Nanofluid Lubrication
(Paul, Haapala)

• Synthesis of safer, low cost, and environmentally benign nanofluids for lubrication.
• Applications include metalworking fluids, metal cutting fluids, wind turbines.

Environmental Analysis of Nano-assisted Diffusion Brazing
(Haapala, Paul)

• Reduction in bonding temperatures through application of metal nanoparticles.
• Reduction in the amount of filler metal and elimination of temperature depressant material needed for conventional processing.
• Life cycle analysis predicts 33% less impact due to electricity use and up to 16% reduction in overall environmental impact.

Green Materials and Processing: Approaching the Atom Scale
(Keszler, Wager, Dave Johnson, Darren Johnson)

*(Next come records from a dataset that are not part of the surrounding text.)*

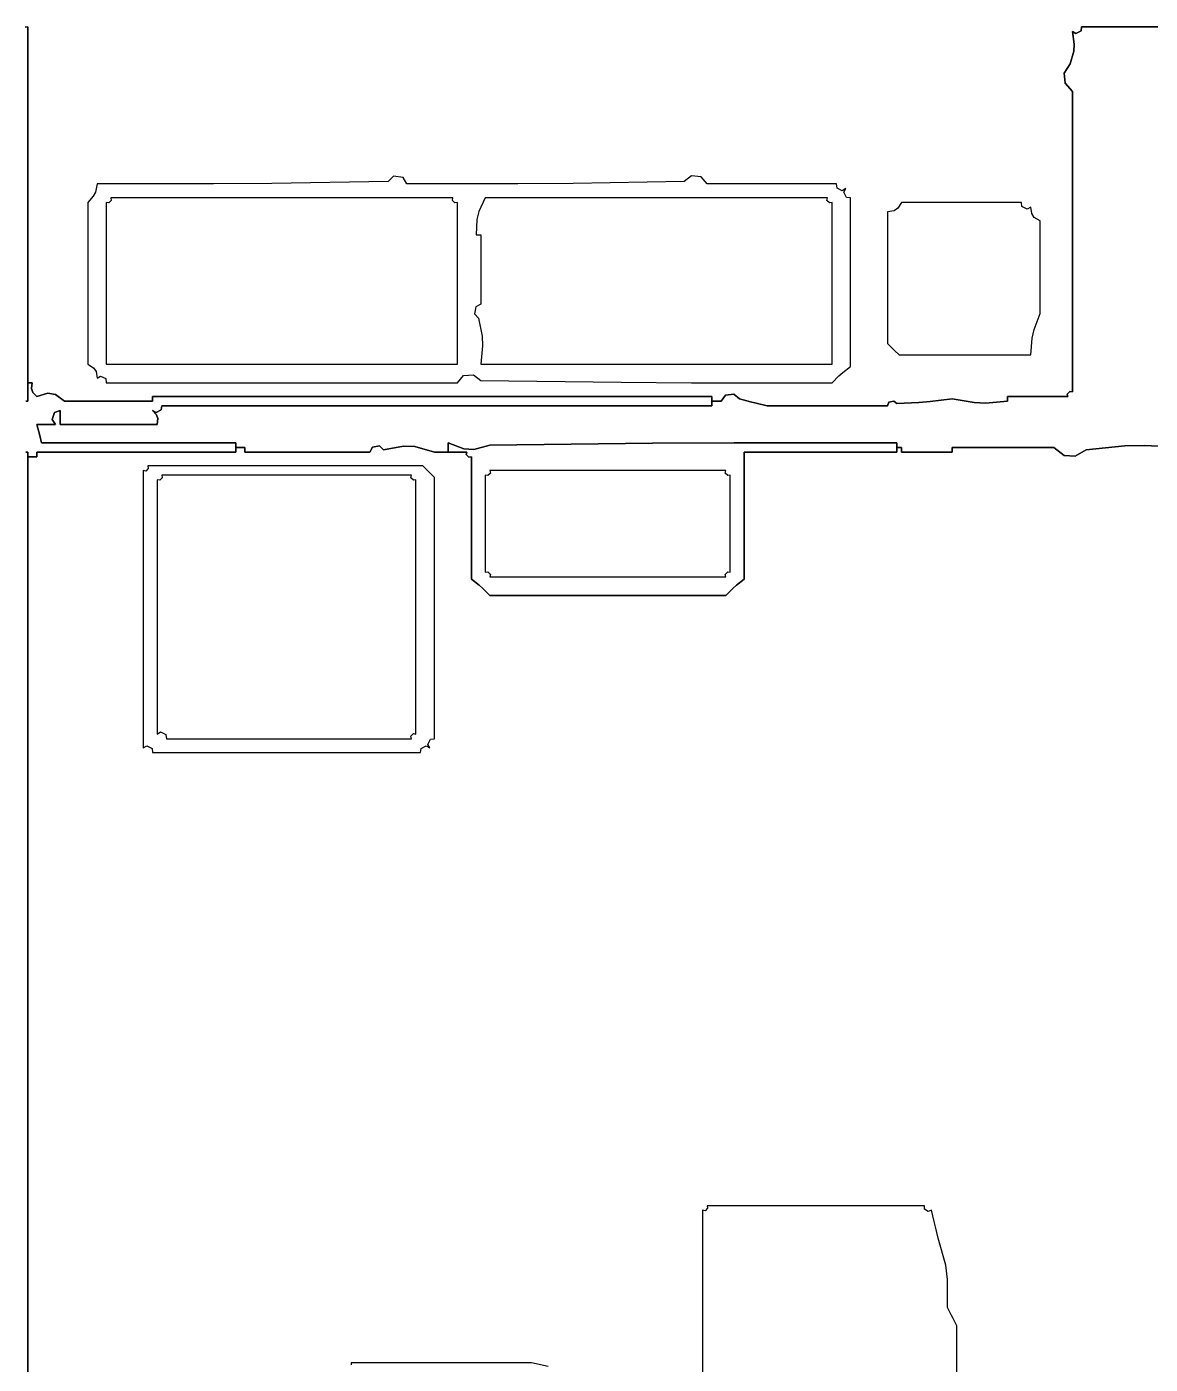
# Model space of a CAD drawing. Extents: x 0 to 5.85, y 0 to 5.4.
# Drawn here: x 1.977 to 2.787, y 0.776 to 1.74 of the extents above; entities that cross this region are included whole.
import ezdxf

# ---------------------------------------------------------------- set-up
doc = ezdxf.new("R2010")
doc.units = 0
doc.header["$LTSCALE"] = 0.40404
doc.layers.get('0').update_dxf_attribs({"linetype": 'CONTINUOUS'})

msp = doc.modelspace()

# ---------------------------------------------------------------- linework, layer by layer
for p, q in [((1.97533, 1.740044), (1.977173, 1.740446)), ((1.977173, 1.740446), (1.97533, 1.740044)), ((1.977173, 1.740446), (1.977173, 1.483713)), ((1.977173, 1.483713), (1.977173, 1.740446)), ((1.977173, 1.740446), (1.977173, 1.483713)), ((1.977173, 1.470376), (1.977173, 1.740446)), ((1.977173, 1.740446), (1.977173, 1.470376)), ((1.977173, 1.470376), (1.977173, 1.740446)), ((2.732003, 1.727843), (2.730699, 1.737111)), ((2.730699, 1.737111), (2.733262, 1.735587)), ((2.733262, 1.735587), (2.730699, 1.737111)), ((2.730699, 1.737111), (2.732003, 1.727843)), ((2.733262, 1.735587), (2.737049, 1.73748)), ((2.737049, 1.73748), (2.733262, 1.735587)), ((2.737049, 1.73748), (2.737367, 1.740446)), ((2.737367, 1.740446), (2.737049, 1.73748)), ((2.737367, 1.740446), (2.834726, 1.740446)), ((2.834726, 1.740446), (2.737367, 1.740446)), ((2.73164, 1.722761), (2.732003, 1.727843)), ((2.732003, 1.727843), (2.73164, 1.722761)), ((2.729032, 1.713772), (2.73164, 1.722761)), ((2.73164, 1.722761), (2.729032, 1.713772)), ((2.724882, 1.706898), (2.729032, 1.713772)), ((2.729032, 1.713772), (2.724882, 1.706898)), ((2.725469, 1.69986), (2.724882, 1.706898)), ((2.724882, 1.706898), (2.725469, 1.69986)), ((2.730699, 1.693767), (2.725469, 1.69986)), ((2.725469, 1.69986), (2.730699, 1.693767)), ((2.730699, 1.607078), (2.730699, 1.693767)), ((2.730699, 1.693767), (2.730699, 1.607078)), ((2.240985, 1.632607), (2.237239, 1.62875)), ((2.247896, 1.631744), (2.240985, 1.632607)), ((2.250576, 1.627083), (2.247896, 1.631744)), ((2.455893, 1.632896), (2.450627, 1.62875)), ((2.462958, 1.632189), (2.455893, 1.632896)), ((2.467298, 1.627083), (2.462958, 1.632189)), ((2.026034, 1.621231), (2.024508, 1.618179)), ((2.027186, 1.627083), (2.026034, 1.621231)), ((2.11121, 1.627083), (2.027186, 1.627083)), ((2.153226, 1.627417), (2.11121, 1.627083)), ((2.237239, 1.62875), (2.153226, 1.627417)), ((2.330599, 1.627083), (2.250576, 1.627083)), ((2.370615, 1.627417), (2.330599, 1.627083)), ((2.450627, 1.62875), (2.370615, 1.627417)), ((2.504641, 1.627083), (2.467298, 1.627083)), ((2.523313, 1.627083), (2.504641, 1.627083)), ((2.560656, 1.627083), (2.523313, 1.627083)), ((2.560974, 1.624118), (2.560656, 1.627083)), ((2.56476, 1.622225), (2.560974, 1.624118)), ((2.567324, 1.623749), (2.56476, 1.622225)), ((2.5658, 1.621186), (2.567324, 1.623749)), ((2.567693, 1.6174), (2.5658, 1.621186)), ((2.024508, 1.618179), (2.020517, 1.613746)), ((2.020517, 1.613746), (2.020517, 1.567068)), ((2.035713, 1.613431), (2.033854, 1.613746)), ((2.033854, 1.613746), (2.033854, 1.567068)), ((2.037504, 1.615221), (2.035713, 1.613431)), ((2.13588, 1.617081), (2.037188, 1.617081)), ((2.037188, 1.617081), (2.037504, 1.615221)), ((2.185226, 1.617081), (2.13588, 1.617081)), ((2.283918, 1.617081), (2.185226, 1.617081)), ((2.283602, 1.615221), (2.283918, 1.617081)), ((2.285393, 1.613431), (2.283602, 1.615221)), ((2.287252, 1.613746), (2.285393, 1.613431)), ((2.287252, 1.567068), (2.287252, 1.613746)), ((2.307257, 1.617081), (2.302584, 1.607125)), ((2.405949, 1.617081), (2.307257, 1.617081)), ((2.455295, 1.617081), (2.405949, 1.617081)), ((2.553987, 1.617081), (2.455295, 1.617081)), ((2.553671, 1.615221), (2.553987, 1.617081)), ((2.555462, 1.613431), (2.553671, 1.615221)), ((2.557321, 1.613746), (2.555462, 1.613431)), ((2.557321, 1.567068), (2.557321, 1.613746)), ((2.570658, 1.617081), (2.567693, 1.6174)), ((2.570658, 1.568402), (2.570658, 1.617081)), ((2.607334, 1.613746), (2.604833, 1.609639)), ((2.64201, 1.613746), (2.607334, 1.613746)), ((2.659347, 1.613746), (2.64201, 1.613746)), ((2.694023, 1.613746), (2.659347, 1.613746)), ((2.694342, 1.610781), (2.694023, 1.613746)), ((2.30115, 1.601391), (2.300589, 1.590407)), ((2.302584, 1.607125), (2.30115, 1.601391)), ((2.602085, 1.607807), (2.597332, 1.607078)), ((2.597332, 1.607078), (2.597332, 1.569068)), ((2.604833, 1.609639), (2.602085, 1.607807)), ((2.698128, 1.608888), (2.694342, 1.610781)), ((2.700691, 1.610412), (2.698128, 1.608888)), ((2.70142, 1.605659), (2.700691, 1.610412)), ((2.703253, 1.602911), (2.70142, 1.605659)), ((2.70736, 1.60041), (2.703253, 1.602911)), ((2.730699, 1.563734), (2.730699, 1.607078)), ((2.730699, 1.607078), (2.730699, 1.563734)), ((2.70736, 1.573736), (2.70736, 1.60041)), ((2.300589, 1.590407), (2.301923, 1.590407)), ((2.301923, 1.590407), (2.302589, 1.590407)), ((2.302589, 1.590407), (2.303923, 1.590407)), ((2.303923, 1.590407), (2.303923, 1.570402)), ((2.70736, 1.560399), (2.70736, 1.573736)), ((2.020517, 1.567068), (2.020517, 1.543729)), ((2.033854, 1.567068), (2.033854, 1.543729)), ((2.287252, 1.543729), (2.287252, 1.567068)), ((2.303923, 1.570402), (2.303923, 1.560399)), ((2.557321, 1.543729), (2.557321, 1.567068)), ((2.570658, 1.544062), (2.570658, 1.568402)), ((2.597332, 1.569068), (2.597332, 1.550063)), ((2.730699, 1.477045), (2.730699, 1.563734)), ((2.730699, 1.563734), (2.730699, 1.477045)), ((2.303923, 1.560399), (2.303923, 1.540394)), ((2.70736, 1.533726), (2.70736, 1.560399)), ((2.020517, 1.543729), (2.020517, 1.49705)), ((2.033854, 1.543729), (2.033854, 1.49705)), ((2.287252, 1.49705), (2.287252, 1.543729)), ((2.557321, 1.49705), (2.557321, 1.543729)), ((2.570658, 1.495383), (2.570658, 1.544062)), ((2.597332, 1.550063), (2.597332, 1.512054)), ((2.300347, 1.538481), (2.299493, 1.533362)), ((2.303923, 1.540394), (2.300347, 1.538481)), ((2.703077, 1.5222), (2.70736, 1.533726)), ((2.299493, 1.533362), (2.302256, 1.530392)), ((2.302256, 1.530392), (2.304907, 1.517304)), ((2.304907, 1.517304), (2.305255, 1.510337)), ((2.700691, 1.503718), (2.701694, 1.515973)), ((2.701694, 1.515973), (2.703077, 1.5222)), ((2.305255, 1.510337), (2.303923, 1.49705)), ((2.597332, 1.512054), (2.600666, 1.50872)), ((2.600666, 1.50872), (2.602333, 1.507052)), ((2.602333, 1.507052), (2.605667, 1.503718)), ((2.020517, 1.49705), (2.024624, 1.494549)), ((2.033854, 1.49705), (2.135213, 1.49705)), ((2.135213, 1.49705), (2.185893, 1.49705)), ((2.185893, 1.49705), (2.287252, 1.49705)), ((2.303923, 1.49705), (2.405282, 1.49705)), ((2.405282, 1.49705), (2.455962, 1.49705)), ((2.455962, 1.49705), (2.557321, 1.49705)), ((2.565046, 1.491053), (2.570658, 1.495383)), ((2.605667, 1.503718), (2.643677, 1.503718)), ((2.643677, 1.503718), (2.662682, 1.503718)), ((2.662682, 1.503718), (2.700691, 1.503718)), ((2.024624, 1.494549), (2.026457, 1.4918)), ((2.026457, 1.4918), (2.027186, 1.487047)), ((2.027186, 1.487047), (2.029749, 1.488571)), ((2.029749, 1.488571), (2.033535, 1.486678)), ((2.033535, 1.486678), (2.033854, 1.483713)), ((2.287252, 1.483713), (2.291593, 1.488819)), ((2.291593, 1.488819), (2.298657, 1.489526)), ((2.298657, 1.489526), (2.303923, 1.48538)), ((2.557321, 1.483713), (2.562358, 1.488701)), ((2.562358, 1.488701), (2.565046, 1.491053)), ((1.977173, 1.483713), (1.980507, 1.483713)), ((1.980507, 1.483713), (1.977173, 1.483713)), ((1.977173, 1.483713), (1.980507, 1.483713)), ((1.980507, 1.483713), (1.977173, 1.483713)), ((1.977173, 1.483713), (1.980507, 1.483713)), ((1.980507, 1.483713), (1.977173, 1.483713)), ((1.977173, 1.483713), (1.977173, 1.470376)), ((1.977173, 1.470376), (1.977173, 1.483713)), ((1.977173, 1.483713), (1.977173, 1.470376)), ((1.980507, 1.483713), (1.980031, 1.479523)), ((1.980031, 1.479523), (1.980507, 1.483713)), ((1.980031, 1.479523), (1.980946, 1.476777)), ((1.980946, 1.476777), (1.980031, 1.479523)), ((1.980946, 1.476777), (1.983841, 1.473711)), ((1.983841, 1.473711), (1.980946, 1.476777)), ((1.983841, 1.473711), (1.991598, 1.476085)), ((1.991598, 1.476085), (1.983841, 1.473711)), ((1.991598, 1.476085), (1.997278, 1.475138)), ((1.997278, 1.475138), (1.991598, 1.476085)), ((2.033854, 1.483713), (2.135213, 1.483713)), ((2.135213, 1.483713), (2.185893, 1.483713)), ((2.185893, 1.483713), (2.287252, 1.483713)), ((2.303923, 1.48538), (2.405276, 1.484047)), ((2.405276, 1.484047), (2.45596, 1.483713)), ((2.45596, 1.483713), (2.557321, 1.483713)), ((2.727049, 1.47557), (2.72884, 1.47736)), ((2.72884, 1.47736), (2.727049, 1.47557)), ((2.72884, 1.47736), (2.730699, 1.477045)), ((2.730699, 1.477045), (2.72884, 1.47736)), ((1.977173, 1.470376), (1.975839, 1.470376)), ((1.975839, 1.470376), (1.977173, 1.470376)), ((1.997278, 1.475138), (2.003846, 1.470376)), ((2.003846, 1.470376), (1.997278, 1.475138)), ((2.003846, 1.470376), (2.029186, 1.470376)), ((2.029186, 1.470376), (2.003846, 1.470376)), ((2.029186, 1.470376), (2.041856, 1.470376)), ((2.041856, 1.470376), (2.029186, 1.470376)), ((2.041856, 1.470376), (2.067196, 1.470376)), ((2.067196, 1.470376), (2.041856, 1.470376)), ((2.067196, 1.472377), (2.067196, 1.473711)), ((2.067196, 1.473711), (2.228571, 1.473711)), ((2.228571, 1.473711), (2.067196, 1.473711)), ((2.067196, 1.473711), (2.067196, 1.472377)), ((2.067196, 1.47171), (2.067196, 1.472377)), ((2.067196, 1.472377), (2.067196, 1.47171)), ((2.067196, 1.470376), (2.067196, 1.47171)), ((2.067196, 1.47171), (2.067196, 1.470376)), ((2.073864, 1.467042), (2.073545, 1.464077)), ((2.073545, 1.464077), (2.073864, 1.467042)), ((2.232572, 1.467042), (2.073864, 1.467042)), ((2.073864, 1.467042), (2.232572, 1.467042)), ((2.228571, 1.473711), (2.309258, 1.473711)), ((2.309258, 1.473711), (2.228571, 1.473711)), ((2.311925, 1.467042), (2.232572, 1.467042)), ((2.232572, 1.467042), (2.311925, 1.467042)), ((2.309258, 1.473711), (2.470632, 1.473711)), ((2.470632, 1.473711), (2.309258, 1.473711)), ((2.470632, 1.467042), (2.311925, 1.467042)), ((2.311925, 1.467042), (2.470632, 1.467042)), ((2.470632, 1.473711), (2.470632, 1.470376)), ((2.470632, 1.470376), (2.470632, 1.473711)), ((2.470632, 1.473711), (2.470632, 1.470376)), ((2.470632, 1.467042), (2.470632, 1.473711)), ((2.470632, 1.473711), (2.470632, 1.467042)), ((2.470632, 1.467042), (2.470632, 1.473711)), ((2.470632, 1.470376), (2.477301, 1.470376)), ((2.477301, 1.470376), (2.470632, 1.470376)), ((2.470632, 1.470376), (2.477301, 1.470376)), ((2.477301, 1.470376), (2.470632, 1.470376)), ((2.470632, 1.470376), (2.477301, 1.470376)), ((2.477301, 1.470376), (2.470632, 1.470376)), ((2.470632, 1.470376), (2.470632, 1.467042)), ((2.470632, 1.467042), (2.470632, 1.470376)), ((2.470632, 1.470376), (2.470632, 1.467042)), ((2.477301, 1.470376), (2.480565, 1.474649)), ((2.480565, 1.474649), (2.477301, 1.470376)), ((2.480565, 1.474649), (2.486423, 1.475381)), ((2.486423, 1.475381), (2.480565, 1.474649)), ((2.486423, 1.475381), (2.490638, 1.472044)), ((2.490638, 1.472044), (2.486423, 1.475381)), ((2.490638, 1.472044), (2.49864, 1.470043)), ((2.49864, 1.470043), (2.490638, 1.472044)), ((2.49864, 1.470043), (2.502641, 1.469043)), ((2.502641, 1.469043), (2.49864, 1.470043)), ((2.502641, 1.469043), (2.510643, 1.467042)), ((2.510643, 1.467042), (2.502641, 1.469043)), ((2.510643, 1.467042), (2.545318, 1.467042)), ((2.545318, 1.467042), (2.510643, 1.467042)), ((2.545318, 1.467042), (2.562656, 1.467042)), ((2.562656, 1.467042), (2.545318, 1.467042)), ((2.562656, 1.467042), (2.597332, 1.467042)), ((2.597332, 1.467042), (2.562656, 1.467042)), ((2.597332, 1.467042), (2.598286, 1.469621)), ((2.598286, 1.469621), (2.597332, 1.467042)), ((2.598286, 1.469621), (2.601945, 1.470536)), ((2.601945, 1.470536), (2.598286, 1.469621)), ((2.601945, 1.470536), (2.604, 1.468709)), ((2.604, 1.468709), (2.601945, 1.470536)), ((2.604, 1.468709), (2.620038, 1.469531)), ((2.620038, 1.469531), (2.604, 1.468709)), ((2.620038, 1.469531), (2.628057, 1.470199)), ((2.628057, 1.470199), (2.620038, 1.469531)), ((2.628057, 1.470199), (2.64401, 1.472044)), ((2.64401, 1.472044), (2.628057, 1.470199)), ((2.64401, 1.472044), (2.659815, 1.46944)), ((2.659815, 1.46944), (2.64401, 1.472044)), ((2.659815, 1.46944), (2.668054, 1.469097)), ((2.668054, 1.469097), (2.659815, 1.46944)), ((2.668054, 1.469097), (2.68402, 1.470376)), ((2.68402, 1.470376), (2.668054, 1.469097)), ((2.68402, 1.472377), (2.68402, 1.473711)), ((2.68402, 1.473711), (2.701358, 1.473711)), ((2.701358, 1.473711), (2.68402, 1.473711)), ((2.68402, 1.473711), (2.68402, 1.472377)), ((2.68402, 1.47171), (2.68402, 1.472377)), ((2.68402, 1.472377), (2.68402, 1.47171)), ((2.68402, 1.470376), (2.68402, 1.47171)), ((2.68402, 1.47171), (2.68402, 1.470376)), ((2.701358, 1.473711), (2.710027, 1.473711)), ((2.710027, 1.473711), (2.701358, 1.473711)), ((2.710027, 1.473711), (2.727365, 1.473711)), ((2.727365, 1.473711), (2.710027, 1.473711)), ((2.727365, 1.473711), (2.727049, 1.47557)), ((2.727049, 1.47557), (2.727365, 1.473711)), ((1.996549, 1.462266), (1.994873, 1.457237)), ((1.994873, 1.457237), (1.996549, 1.462266)), ((1.994873, 1.457237), (1.997178, 1.453705)), ((1.997178, 1.453705), (1.994873, 1.457237)), ((2.000512, 1.463708), (1.996549, 1.462266)), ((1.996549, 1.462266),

• Designing molecular inks for printable high quality films.
• Examining film chemistry to realize novel compositions for enhanced electrical properties at the nanoscale.
• Fabricating vertical transport devices for high speed performance and low cost manufacturing.
• Enabling extension of current photolithographic techniques to the extreme end of the nanoscale.

Nanoengineered MIM Diodes for Rectenna Applications
(Conley, Keszler, Wager, Johnson)

• A rectenna is an integrated receiving antenna and diode that captures electromagnetic energy and converts it to DC power.
• For infrared (IR) energy-harvesting applications in the ~10μm/ 30-THz regime, a high-frequency metal-insulator-metal (MIM) tunneling diode is typically used for AC-to-DC rectification.
• Goal is to explore the applicability of new materials, device architectures, and processing technologies for the realization of novel MIM diodes for rectenna applications.
• Collaboration with the Army Research Laboratory and UO.